**** Data listing
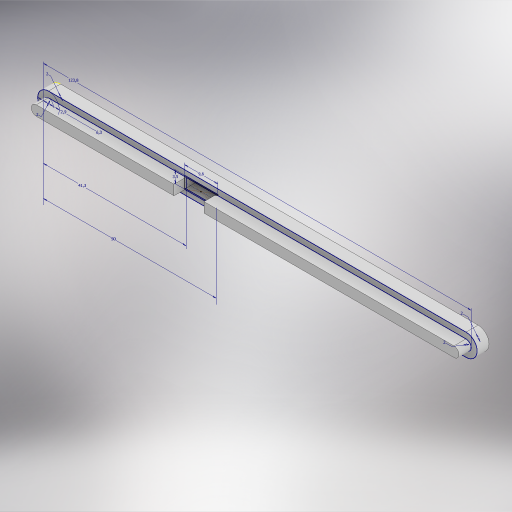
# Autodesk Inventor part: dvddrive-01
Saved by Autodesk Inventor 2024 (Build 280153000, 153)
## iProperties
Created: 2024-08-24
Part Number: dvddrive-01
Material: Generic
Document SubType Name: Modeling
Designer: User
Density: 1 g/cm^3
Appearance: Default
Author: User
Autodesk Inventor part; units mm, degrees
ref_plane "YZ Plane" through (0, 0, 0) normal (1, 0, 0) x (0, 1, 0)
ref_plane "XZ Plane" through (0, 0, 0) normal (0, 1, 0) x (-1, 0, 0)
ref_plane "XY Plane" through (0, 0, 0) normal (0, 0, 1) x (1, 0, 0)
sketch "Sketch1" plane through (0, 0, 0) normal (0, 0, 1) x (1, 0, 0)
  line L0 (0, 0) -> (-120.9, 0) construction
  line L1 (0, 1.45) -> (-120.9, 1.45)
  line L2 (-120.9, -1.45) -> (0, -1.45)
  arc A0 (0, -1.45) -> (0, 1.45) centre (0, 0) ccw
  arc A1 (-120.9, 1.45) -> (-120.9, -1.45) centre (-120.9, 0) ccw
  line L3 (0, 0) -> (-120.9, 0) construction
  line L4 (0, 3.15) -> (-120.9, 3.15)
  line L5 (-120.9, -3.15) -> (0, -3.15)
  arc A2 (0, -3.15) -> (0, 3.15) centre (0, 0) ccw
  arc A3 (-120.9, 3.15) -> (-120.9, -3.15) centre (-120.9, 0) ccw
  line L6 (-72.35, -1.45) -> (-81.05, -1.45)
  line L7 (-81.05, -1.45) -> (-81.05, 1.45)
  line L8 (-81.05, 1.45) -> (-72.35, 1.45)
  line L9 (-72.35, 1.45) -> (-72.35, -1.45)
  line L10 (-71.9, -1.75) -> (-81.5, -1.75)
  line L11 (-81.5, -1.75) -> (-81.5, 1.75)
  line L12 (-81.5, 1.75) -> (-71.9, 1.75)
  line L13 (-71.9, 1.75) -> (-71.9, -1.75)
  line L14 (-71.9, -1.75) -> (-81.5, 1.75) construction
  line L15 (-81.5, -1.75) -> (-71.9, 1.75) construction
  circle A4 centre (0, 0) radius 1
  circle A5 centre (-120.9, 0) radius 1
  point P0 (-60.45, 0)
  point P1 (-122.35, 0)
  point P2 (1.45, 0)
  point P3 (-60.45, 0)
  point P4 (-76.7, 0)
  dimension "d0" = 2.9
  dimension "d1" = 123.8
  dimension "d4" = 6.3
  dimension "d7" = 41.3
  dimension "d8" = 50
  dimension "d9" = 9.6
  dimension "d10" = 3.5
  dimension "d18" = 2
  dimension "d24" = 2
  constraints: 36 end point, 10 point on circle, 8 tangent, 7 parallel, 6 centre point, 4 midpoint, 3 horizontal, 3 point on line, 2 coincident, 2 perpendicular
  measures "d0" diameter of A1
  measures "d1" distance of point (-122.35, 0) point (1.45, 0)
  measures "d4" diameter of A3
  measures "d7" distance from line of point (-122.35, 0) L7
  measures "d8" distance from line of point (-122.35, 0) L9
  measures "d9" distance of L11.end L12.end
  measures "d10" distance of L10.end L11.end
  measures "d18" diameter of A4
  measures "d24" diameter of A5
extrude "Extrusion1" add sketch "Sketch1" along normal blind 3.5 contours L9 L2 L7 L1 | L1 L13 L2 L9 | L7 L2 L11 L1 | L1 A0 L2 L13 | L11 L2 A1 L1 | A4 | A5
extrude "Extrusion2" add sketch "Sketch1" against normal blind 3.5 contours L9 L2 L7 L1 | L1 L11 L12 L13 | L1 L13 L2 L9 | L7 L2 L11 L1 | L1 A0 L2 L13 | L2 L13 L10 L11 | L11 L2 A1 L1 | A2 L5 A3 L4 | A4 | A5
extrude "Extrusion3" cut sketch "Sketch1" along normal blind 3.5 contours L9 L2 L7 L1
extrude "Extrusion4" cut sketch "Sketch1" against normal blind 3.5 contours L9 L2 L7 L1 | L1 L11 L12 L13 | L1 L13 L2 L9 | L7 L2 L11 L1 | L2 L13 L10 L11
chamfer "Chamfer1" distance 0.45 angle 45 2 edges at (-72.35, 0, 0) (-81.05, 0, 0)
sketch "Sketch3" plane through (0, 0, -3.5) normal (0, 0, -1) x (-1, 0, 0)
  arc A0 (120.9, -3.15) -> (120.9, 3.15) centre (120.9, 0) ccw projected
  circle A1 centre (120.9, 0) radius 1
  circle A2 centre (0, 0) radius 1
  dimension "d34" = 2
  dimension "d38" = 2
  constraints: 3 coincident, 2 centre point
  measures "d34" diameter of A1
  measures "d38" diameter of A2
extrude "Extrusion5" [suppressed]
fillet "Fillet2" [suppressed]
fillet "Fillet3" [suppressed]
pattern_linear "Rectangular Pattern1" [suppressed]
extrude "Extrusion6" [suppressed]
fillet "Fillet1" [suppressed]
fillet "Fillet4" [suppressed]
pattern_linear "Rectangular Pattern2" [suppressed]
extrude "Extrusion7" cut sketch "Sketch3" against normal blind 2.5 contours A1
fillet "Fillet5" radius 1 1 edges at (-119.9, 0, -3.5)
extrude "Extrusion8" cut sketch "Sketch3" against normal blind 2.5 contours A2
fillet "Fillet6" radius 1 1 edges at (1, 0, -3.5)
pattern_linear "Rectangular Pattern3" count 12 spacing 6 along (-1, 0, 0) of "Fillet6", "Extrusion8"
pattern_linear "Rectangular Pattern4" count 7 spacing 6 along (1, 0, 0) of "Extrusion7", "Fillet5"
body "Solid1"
********
### Assignment
What you return should be only the exact lines from the top of the entries through the line with "line L10 (-71.9, -1.75) -> (-81.5, -1.75)", minus the pictures.

### The answer
# Autodesk Inventor part: dvddrive-01
Saved by Autodesk Inventor 2024 (Build 280153000, 153)
## iProperties
Created: 2024-08-24
Part Number: dvddrive-01
Material: Generic
Document SubType Name: Modeling
Designer: User
Density: 1 g/cm^3
Appearance: Default
Author: User
Autodesk Inventor part; units mm, degrees
ref_plane "YZ Plane" through (0, 0, 0) normal (1, 0, 0) x (0, 1, 0)
ref_plane "XZ Plane" through (0, 0, 0) normal (0, 1, 0) x (-1, 0, 0)
ref_plane "XY Plane" through (0, 0, 0) normal (0, 0, 1) x (1, 0, 0)
sketch "Sketch1" plane through (0, 0, 0) normal (0, 0, 1) x (1, 0, 0)
  line L0 (0, 0) -> (-120.9, 0) construction
  line L1 (0, 1.45) -> (-120.9, 1.45)
  line L2 (-120.9, -1.45) -> (0, -1.45)
  arc A0 (0, -1.45) -> (0, 1.45) centre (0, 0) ccw
  arc A1 (-120.9, 1.45) -> (-120.9, -1.45) centre (-120.9, 0) ccw
  line L3 (0, 0) -> (-120.9, 0) construction
  line L4 (0, 3.15) -> (-120.9, 3.15)
  line L5 (-120.9, -3.15) -> (0, -3.15)
  arc A2 (0, -3.15) -> (0, 3.15) centre (0, 0) ccw
  arc A3 (-120.9, 3.15) -> (-120.9, -3.15) centre (-120.9, 0) ccw
  line L6 (-72.35, -1.45) -> (-81.05, -1.45)
  line L7 (-81.05, -1.45) -> (-81.05, 1.45)
  line L8 (-81.05, 1.45) -> (-72.35, 1.45)
  line L9 (-72.35, 1.45) -> (-72.35, -1.45)
  line L10 (-71.9, -1.75) -> (-81.5, -1.75)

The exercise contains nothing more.